MATERIAL PROVIDED:
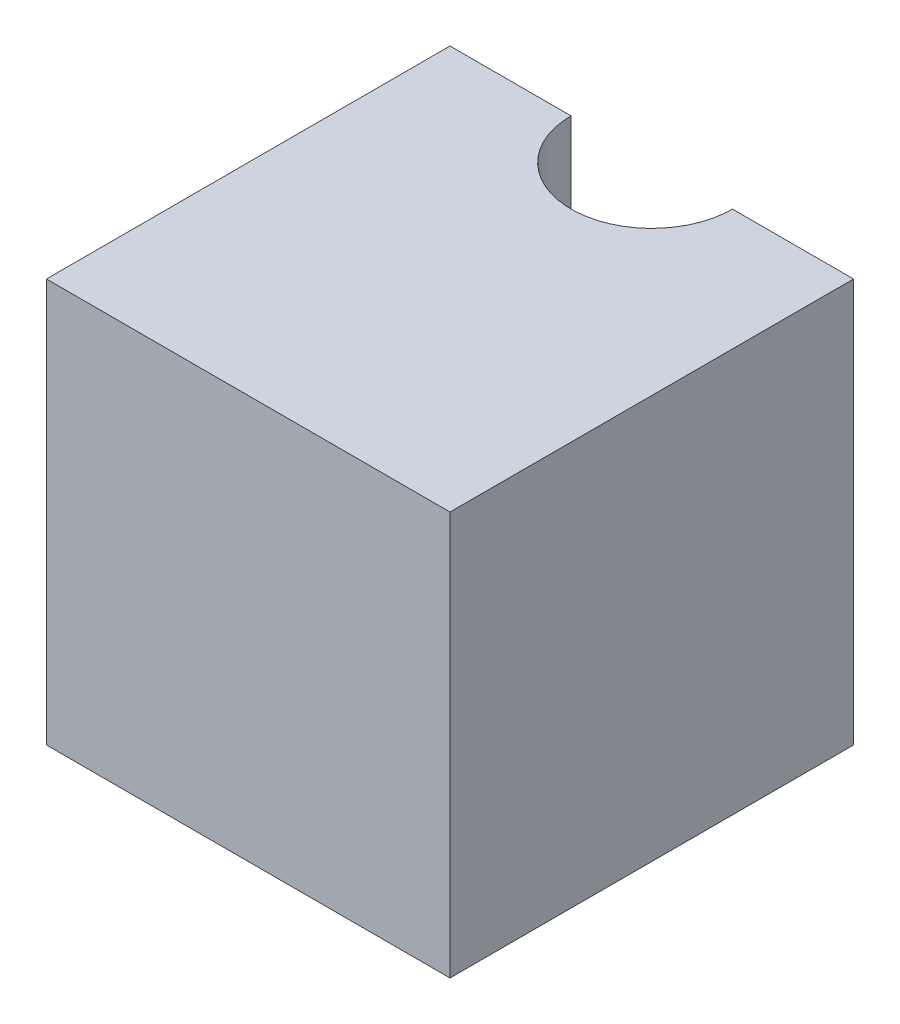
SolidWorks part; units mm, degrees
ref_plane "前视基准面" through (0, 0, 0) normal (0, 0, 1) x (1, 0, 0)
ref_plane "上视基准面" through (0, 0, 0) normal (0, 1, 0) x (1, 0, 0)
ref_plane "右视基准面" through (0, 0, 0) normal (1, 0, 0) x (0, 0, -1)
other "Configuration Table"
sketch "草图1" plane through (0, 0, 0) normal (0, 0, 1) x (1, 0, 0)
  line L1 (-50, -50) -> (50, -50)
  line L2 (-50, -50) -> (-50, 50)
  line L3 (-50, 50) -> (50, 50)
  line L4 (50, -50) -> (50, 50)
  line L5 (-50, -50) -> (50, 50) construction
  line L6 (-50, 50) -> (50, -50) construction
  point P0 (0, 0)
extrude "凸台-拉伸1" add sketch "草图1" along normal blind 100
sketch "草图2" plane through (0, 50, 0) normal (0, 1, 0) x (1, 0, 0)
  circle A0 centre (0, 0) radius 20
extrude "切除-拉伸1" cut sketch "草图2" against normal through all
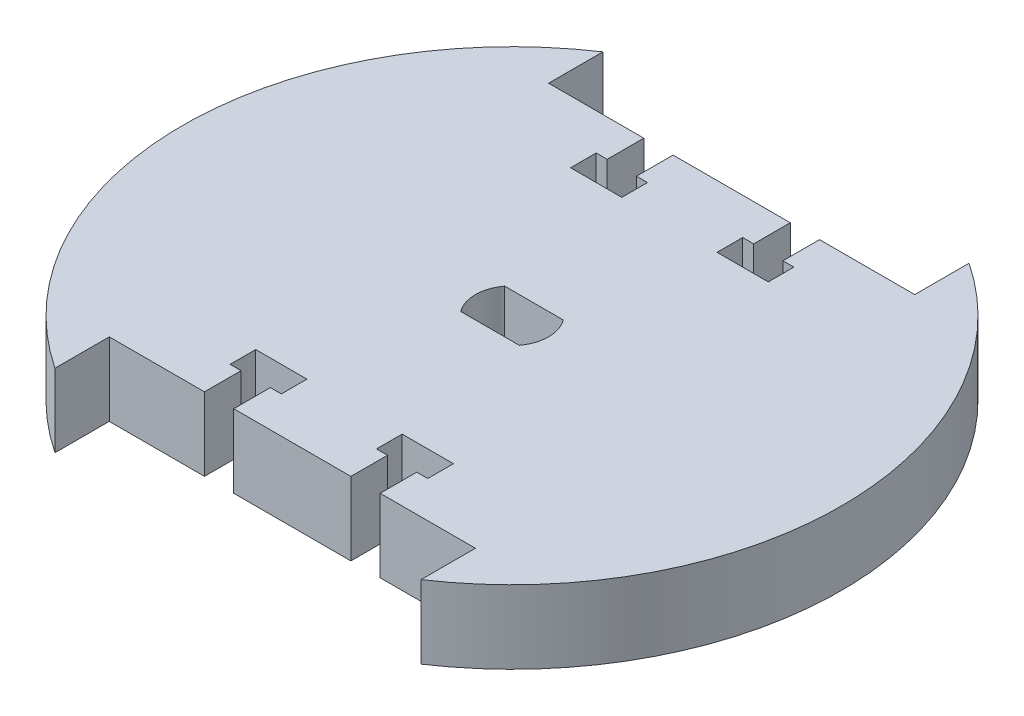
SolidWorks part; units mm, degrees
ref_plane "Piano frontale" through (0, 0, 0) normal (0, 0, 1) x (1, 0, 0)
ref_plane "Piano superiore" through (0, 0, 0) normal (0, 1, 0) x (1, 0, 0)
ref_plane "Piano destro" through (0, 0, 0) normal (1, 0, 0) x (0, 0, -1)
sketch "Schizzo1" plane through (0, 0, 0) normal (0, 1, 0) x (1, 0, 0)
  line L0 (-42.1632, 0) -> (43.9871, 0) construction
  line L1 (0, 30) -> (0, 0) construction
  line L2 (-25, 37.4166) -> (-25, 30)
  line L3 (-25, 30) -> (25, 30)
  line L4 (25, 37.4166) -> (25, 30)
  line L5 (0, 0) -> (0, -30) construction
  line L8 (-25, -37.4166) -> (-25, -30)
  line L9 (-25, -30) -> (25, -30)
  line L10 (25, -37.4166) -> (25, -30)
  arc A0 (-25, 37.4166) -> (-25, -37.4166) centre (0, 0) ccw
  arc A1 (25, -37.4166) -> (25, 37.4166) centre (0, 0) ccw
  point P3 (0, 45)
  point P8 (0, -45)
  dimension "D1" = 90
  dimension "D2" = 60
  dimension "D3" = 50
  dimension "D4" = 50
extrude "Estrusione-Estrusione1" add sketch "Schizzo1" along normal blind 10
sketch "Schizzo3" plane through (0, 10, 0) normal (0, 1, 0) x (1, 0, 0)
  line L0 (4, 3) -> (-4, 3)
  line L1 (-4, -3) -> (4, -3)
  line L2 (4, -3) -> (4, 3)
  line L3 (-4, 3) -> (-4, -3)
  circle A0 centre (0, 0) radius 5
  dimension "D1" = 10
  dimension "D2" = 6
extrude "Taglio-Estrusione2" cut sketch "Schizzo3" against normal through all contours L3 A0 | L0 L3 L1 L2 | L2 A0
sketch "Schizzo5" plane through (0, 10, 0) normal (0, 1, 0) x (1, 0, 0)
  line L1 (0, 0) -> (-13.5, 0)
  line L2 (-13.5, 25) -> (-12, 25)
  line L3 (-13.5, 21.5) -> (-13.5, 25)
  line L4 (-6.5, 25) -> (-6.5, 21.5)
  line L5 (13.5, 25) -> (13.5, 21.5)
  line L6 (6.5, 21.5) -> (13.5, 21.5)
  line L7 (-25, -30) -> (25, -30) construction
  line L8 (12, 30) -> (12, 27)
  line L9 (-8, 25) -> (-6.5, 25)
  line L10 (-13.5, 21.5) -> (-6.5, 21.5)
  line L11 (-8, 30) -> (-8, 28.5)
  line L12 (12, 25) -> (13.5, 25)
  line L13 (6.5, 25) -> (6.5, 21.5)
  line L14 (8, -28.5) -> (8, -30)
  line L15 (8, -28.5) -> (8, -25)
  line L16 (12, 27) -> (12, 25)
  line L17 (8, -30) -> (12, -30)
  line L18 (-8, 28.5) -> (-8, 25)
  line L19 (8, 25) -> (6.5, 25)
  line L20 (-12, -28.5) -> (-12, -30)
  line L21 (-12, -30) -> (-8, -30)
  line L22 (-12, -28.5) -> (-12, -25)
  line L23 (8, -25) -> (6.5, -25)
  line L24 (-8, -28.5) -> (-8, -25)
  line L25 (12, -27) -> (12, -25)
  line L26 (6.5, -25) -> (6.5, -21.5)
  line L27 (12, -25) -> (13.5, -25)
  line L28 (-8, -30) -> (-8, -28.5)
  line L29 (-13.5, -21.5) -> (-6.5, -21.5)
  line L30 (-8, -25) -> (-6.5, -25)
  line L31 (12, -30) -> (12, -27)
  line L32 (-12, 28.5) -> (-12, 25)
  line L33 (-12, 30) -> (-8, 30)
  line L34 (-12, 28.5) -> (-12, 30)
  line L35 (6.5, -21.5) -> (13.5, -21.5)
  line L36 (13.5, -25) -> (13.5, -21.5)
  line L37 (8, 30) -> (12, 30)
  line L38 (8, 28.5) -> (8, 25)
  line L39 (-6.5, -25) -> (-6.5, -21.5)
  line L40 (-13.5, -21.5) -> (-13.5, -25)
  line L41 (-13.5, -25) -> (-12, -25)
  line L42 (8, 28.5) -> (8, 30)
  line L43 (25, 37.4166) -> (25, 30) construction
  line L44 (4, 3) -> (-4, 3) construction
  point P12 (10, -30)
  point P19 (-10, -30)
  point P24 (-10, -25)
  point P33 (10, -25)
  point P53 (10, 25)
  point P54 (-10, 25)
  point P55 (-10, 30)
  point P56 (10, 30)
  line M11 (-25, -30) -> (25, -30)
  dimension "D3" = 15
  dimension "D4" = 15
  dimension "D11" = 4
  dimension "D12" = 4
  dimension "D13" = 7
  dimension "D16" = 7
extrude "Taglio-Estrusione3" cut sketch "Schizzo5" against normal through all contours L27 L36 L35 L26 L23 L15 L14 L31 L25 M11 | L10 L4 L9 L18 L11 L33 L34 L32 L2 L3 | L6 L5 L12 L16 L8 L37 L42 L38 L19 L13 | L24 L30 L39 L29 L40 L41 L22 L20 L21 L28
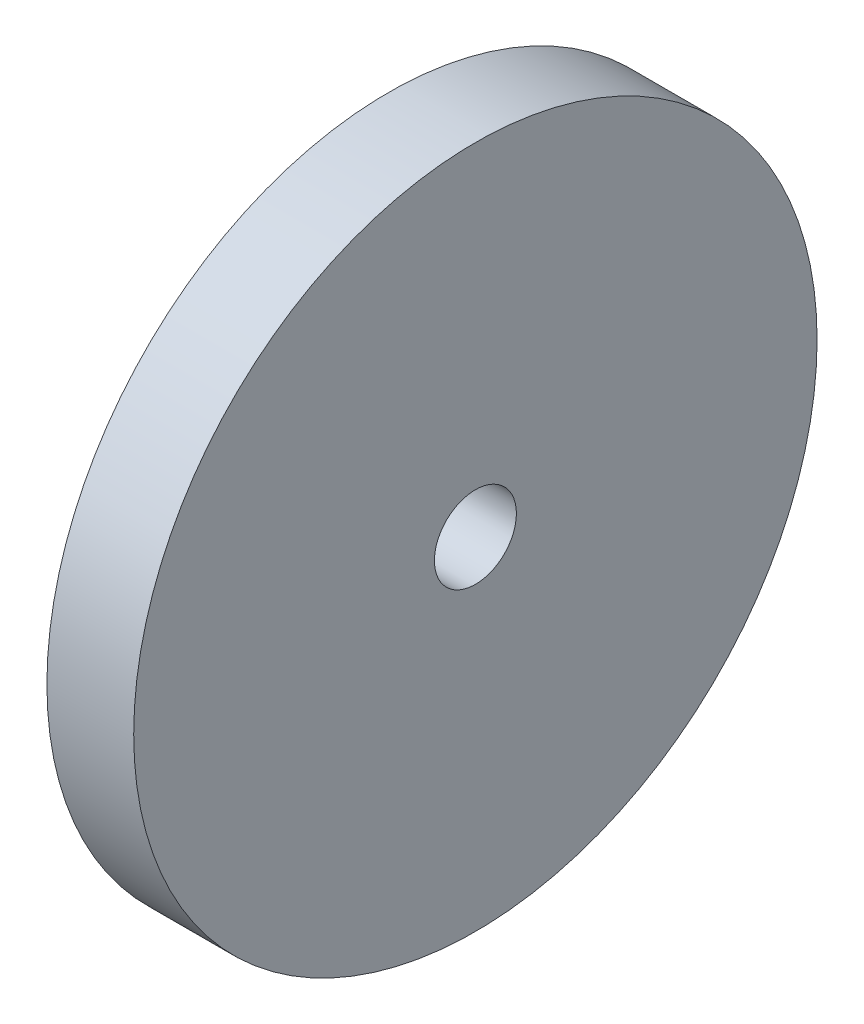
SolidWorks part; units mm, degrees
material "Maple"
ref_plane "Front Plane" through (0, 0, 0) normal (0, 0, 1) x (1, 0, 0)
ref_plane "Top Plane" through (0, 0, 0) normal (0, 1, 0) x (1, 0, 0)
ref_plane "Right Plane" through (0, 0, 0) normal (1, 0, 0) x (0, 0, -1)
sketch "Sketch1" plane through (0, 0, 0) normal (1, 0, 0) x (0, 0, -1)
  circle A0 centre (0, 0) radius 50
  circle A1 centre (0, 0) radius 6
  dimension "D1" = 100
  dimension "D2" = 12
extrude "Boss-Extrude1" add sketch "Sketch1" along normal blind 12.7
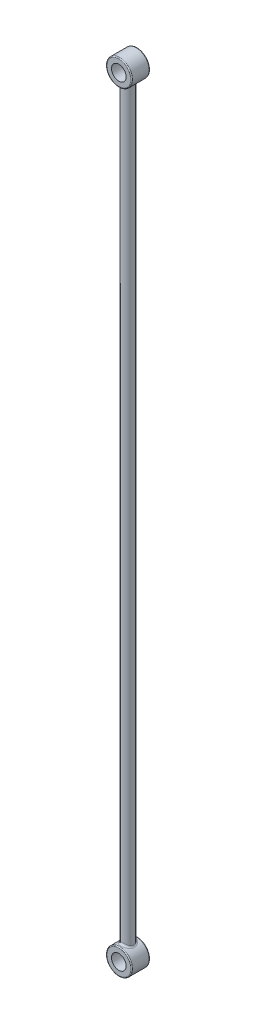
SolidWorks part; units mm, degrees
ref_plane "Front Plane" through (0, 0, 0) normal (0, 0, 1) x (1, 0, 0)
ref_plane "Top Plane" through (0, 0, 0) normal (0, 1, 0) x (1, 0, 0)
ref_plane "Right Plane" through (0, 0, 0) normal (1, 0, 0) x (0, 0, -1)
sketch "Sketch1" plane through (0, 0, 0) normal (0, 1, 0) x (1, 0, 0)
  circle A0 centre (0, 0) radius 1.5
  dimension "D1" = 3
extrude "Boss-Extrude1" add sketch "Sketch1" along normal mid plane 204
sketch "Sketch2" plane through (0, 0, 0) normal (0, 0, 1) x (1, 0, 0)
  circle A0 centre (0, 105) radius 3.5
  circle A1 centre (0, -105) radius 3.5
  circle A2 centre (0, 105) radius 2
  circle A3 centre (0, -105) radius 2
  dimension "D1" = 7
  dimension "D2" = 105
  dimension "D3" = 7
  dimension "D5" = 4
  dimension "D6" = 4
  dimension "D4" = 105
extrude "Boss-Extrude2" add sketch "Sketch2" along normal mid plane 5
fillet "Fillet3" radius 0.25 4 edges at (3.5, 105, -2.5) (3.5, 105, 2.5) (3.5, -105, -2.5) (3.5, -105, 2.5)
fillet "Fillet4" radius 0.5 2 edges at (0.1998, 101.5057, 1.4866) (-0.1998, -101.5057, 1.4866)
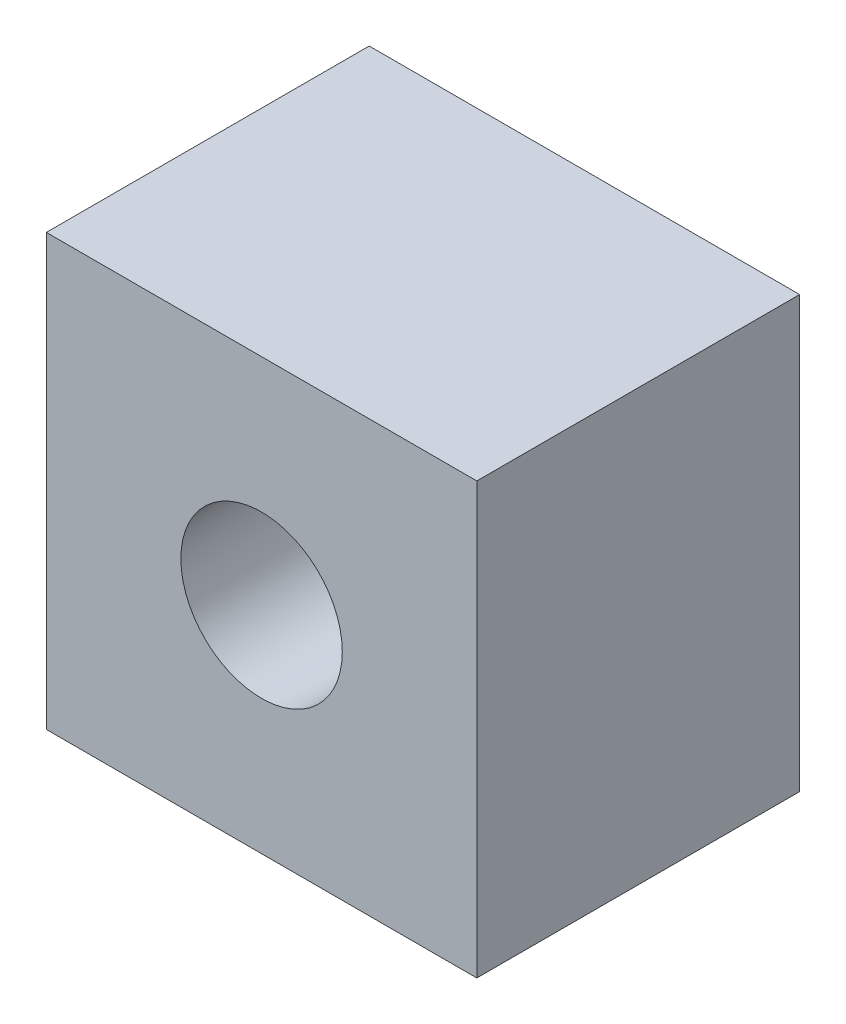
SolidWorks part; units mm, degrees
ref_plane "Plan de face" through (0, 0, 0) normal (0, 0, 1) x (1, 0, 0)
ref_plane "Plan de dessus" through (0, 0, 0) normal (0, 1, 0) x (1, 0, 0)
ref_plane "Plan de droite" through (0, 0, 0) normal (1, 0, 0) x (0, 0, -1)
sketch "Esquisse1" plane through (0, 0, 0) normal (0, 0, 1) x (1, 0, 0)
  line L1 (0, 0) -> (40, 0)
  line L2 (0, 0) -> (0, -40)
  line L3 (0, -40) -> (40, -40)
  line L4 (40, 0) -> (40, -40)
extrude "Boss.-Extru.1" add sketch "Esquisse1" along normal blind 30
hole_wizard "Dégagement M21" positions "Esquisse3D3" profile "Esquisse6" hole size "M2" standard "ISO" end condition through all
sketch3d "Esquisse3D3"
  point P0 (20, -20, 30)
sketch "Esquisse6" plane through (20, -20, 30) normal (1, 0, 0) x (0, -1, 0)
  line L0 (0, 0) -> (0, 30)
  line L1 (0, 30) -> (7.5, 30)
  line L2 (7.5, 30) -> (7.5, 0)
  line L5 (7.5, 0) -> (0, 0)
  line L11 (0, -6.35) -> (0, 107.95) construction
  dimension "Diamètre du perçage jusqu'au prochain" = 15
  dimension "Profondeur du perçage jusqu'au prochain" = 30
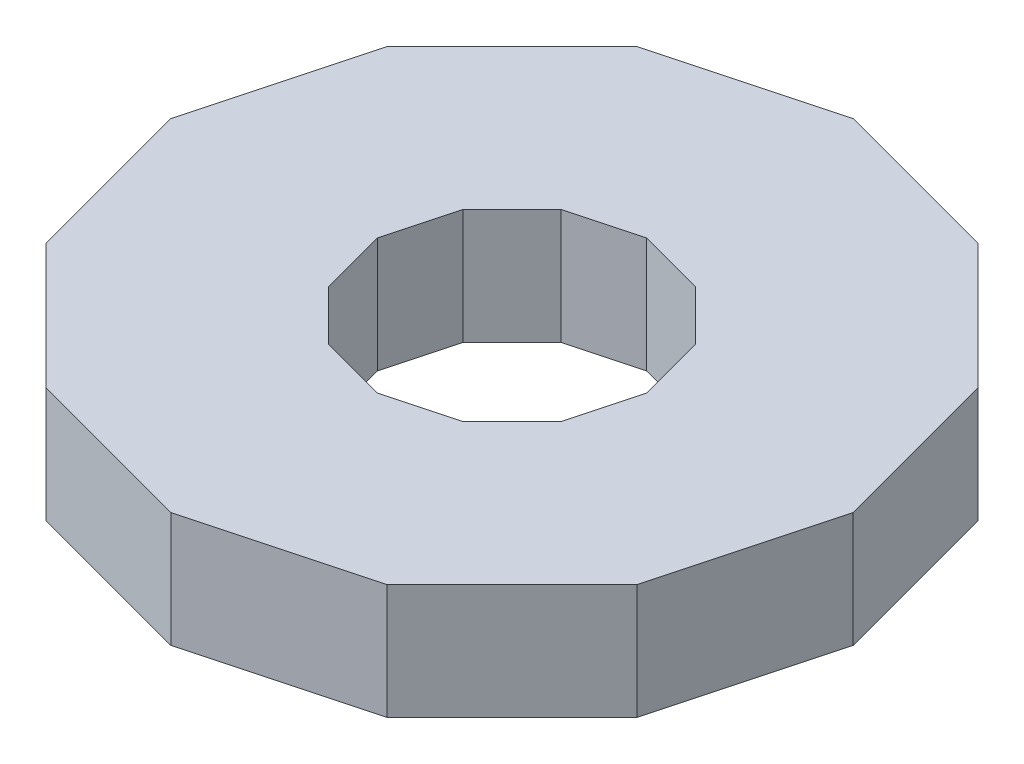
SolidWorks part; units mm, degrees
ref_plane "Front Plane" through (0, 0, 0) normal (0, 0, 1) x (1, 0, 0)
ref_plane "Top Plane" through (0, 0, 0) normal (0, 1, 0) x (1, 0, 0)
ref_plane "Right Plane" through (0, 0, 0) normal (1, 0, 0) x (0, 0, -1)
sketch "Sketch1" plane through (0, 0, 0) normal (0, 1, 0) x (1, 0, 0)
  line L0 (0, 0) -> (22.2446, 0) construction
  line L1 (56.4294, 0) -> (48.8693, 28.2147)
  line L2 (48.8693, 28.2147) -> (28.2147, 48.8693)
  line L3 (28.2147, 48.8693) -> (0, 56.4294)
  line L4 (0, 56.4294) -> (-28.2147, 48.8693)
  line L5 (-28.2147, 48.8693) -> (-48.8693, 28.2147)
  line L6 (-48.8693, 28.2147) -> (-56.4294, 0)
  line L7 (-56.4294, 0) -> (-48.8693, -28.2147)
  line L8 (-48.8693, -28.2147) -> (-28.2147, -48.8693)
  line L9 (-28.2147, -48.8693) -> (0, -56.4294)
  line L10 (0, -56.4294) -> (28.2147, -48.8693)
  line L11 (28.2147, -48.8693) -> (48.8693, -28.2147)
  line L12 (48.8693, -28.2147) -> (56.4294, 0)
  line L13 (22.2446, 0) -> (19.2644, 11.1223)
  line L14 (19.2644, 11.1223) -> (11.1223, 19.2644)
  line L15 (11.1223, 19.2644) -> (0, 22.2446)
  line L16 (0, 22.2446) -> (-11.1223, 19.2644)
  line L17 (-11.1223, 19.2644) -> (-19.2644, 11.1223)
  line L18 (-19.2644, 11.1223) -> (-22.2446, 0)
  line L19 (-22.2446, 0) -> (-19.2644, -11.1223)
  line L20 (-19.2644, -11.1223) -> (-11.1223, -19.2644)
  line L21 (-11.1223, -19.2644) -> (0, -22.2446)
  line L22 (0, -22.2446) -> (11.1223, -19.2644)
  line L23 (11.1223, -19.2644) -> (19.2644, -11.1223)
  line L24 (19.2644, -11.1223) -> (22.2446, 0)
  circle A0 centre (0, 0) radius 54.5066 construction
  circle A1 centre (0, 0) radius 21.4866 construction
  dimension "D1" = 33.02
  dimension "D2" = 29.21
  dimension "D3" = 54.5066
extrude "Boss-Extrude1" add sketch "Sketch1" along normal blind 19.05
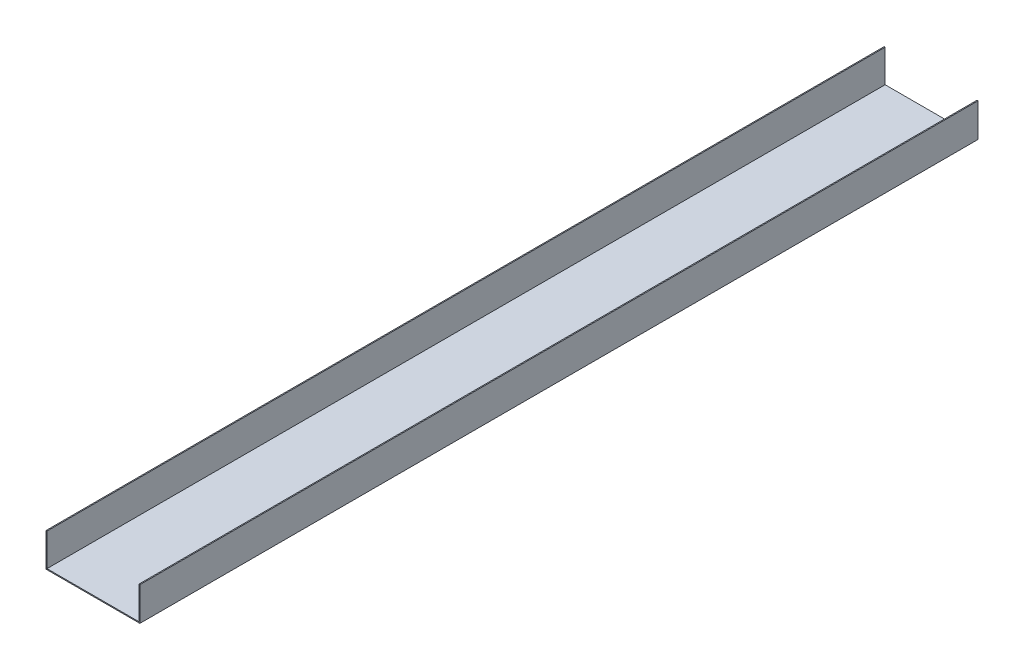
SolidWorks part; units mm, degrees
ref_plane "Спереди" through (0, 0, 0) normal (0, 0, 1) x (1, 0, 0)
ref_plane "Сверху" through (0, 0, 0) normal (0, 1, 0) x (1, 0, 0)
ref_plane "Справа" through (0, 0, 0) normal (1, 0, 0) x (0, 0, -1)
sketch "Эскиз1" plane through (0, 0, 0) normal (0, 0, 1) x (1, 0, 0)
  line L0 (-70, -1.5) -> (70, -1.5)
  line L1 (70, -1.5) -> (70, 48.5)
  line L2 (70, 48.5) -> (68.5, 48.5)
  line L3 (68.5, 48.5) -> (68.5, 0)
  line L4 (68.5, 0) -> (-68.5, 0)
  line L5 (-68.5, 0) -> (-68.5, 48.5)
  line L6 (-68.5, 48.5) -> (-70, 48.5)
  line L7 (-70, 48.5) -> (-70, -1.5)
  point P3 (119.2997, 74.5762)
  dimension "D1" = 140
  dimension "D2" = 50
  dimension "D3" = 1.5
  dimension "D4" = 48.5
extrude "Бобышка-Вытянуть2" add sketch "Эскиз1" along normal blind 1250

TRY IT: Give back exactly the lines from the first line of the data through the line with "point P0 (0, 0)", pictures excluded.

SOLUTION TO THIS EXERCISE:
SolidWorks part; units mm, degrees
ref_plane "前视基准面" through (0, 0, 0) normal (0, 0, 1) x (1, 0, 0)
ref_plane "上视基准面" through (0, 0, 0) normal (0, 1, 0) x (1, 0, 0)
ref_plane "右视基准面" through (0, 0, 0) normal (1, 0, 0) x (0, 0, -1)
other "Configuration Table"
sketch "草图1" plane through (0, 0, 0) normal (0, 0, 1) x (1, 0, 0)
  line L1 (-50, -50) -> (50, -50)
  line L2 (-50, -50) -> (-50, 50)
  line L3 (-50, 50) -> (50, 50)
  line L4 (50, -50) -> (50, 50)
  line L5 (-50, -50) -> (50, 50) construction
  line L6 (-50, 50) -> (50, -50) construction
  point P0 (0, 0)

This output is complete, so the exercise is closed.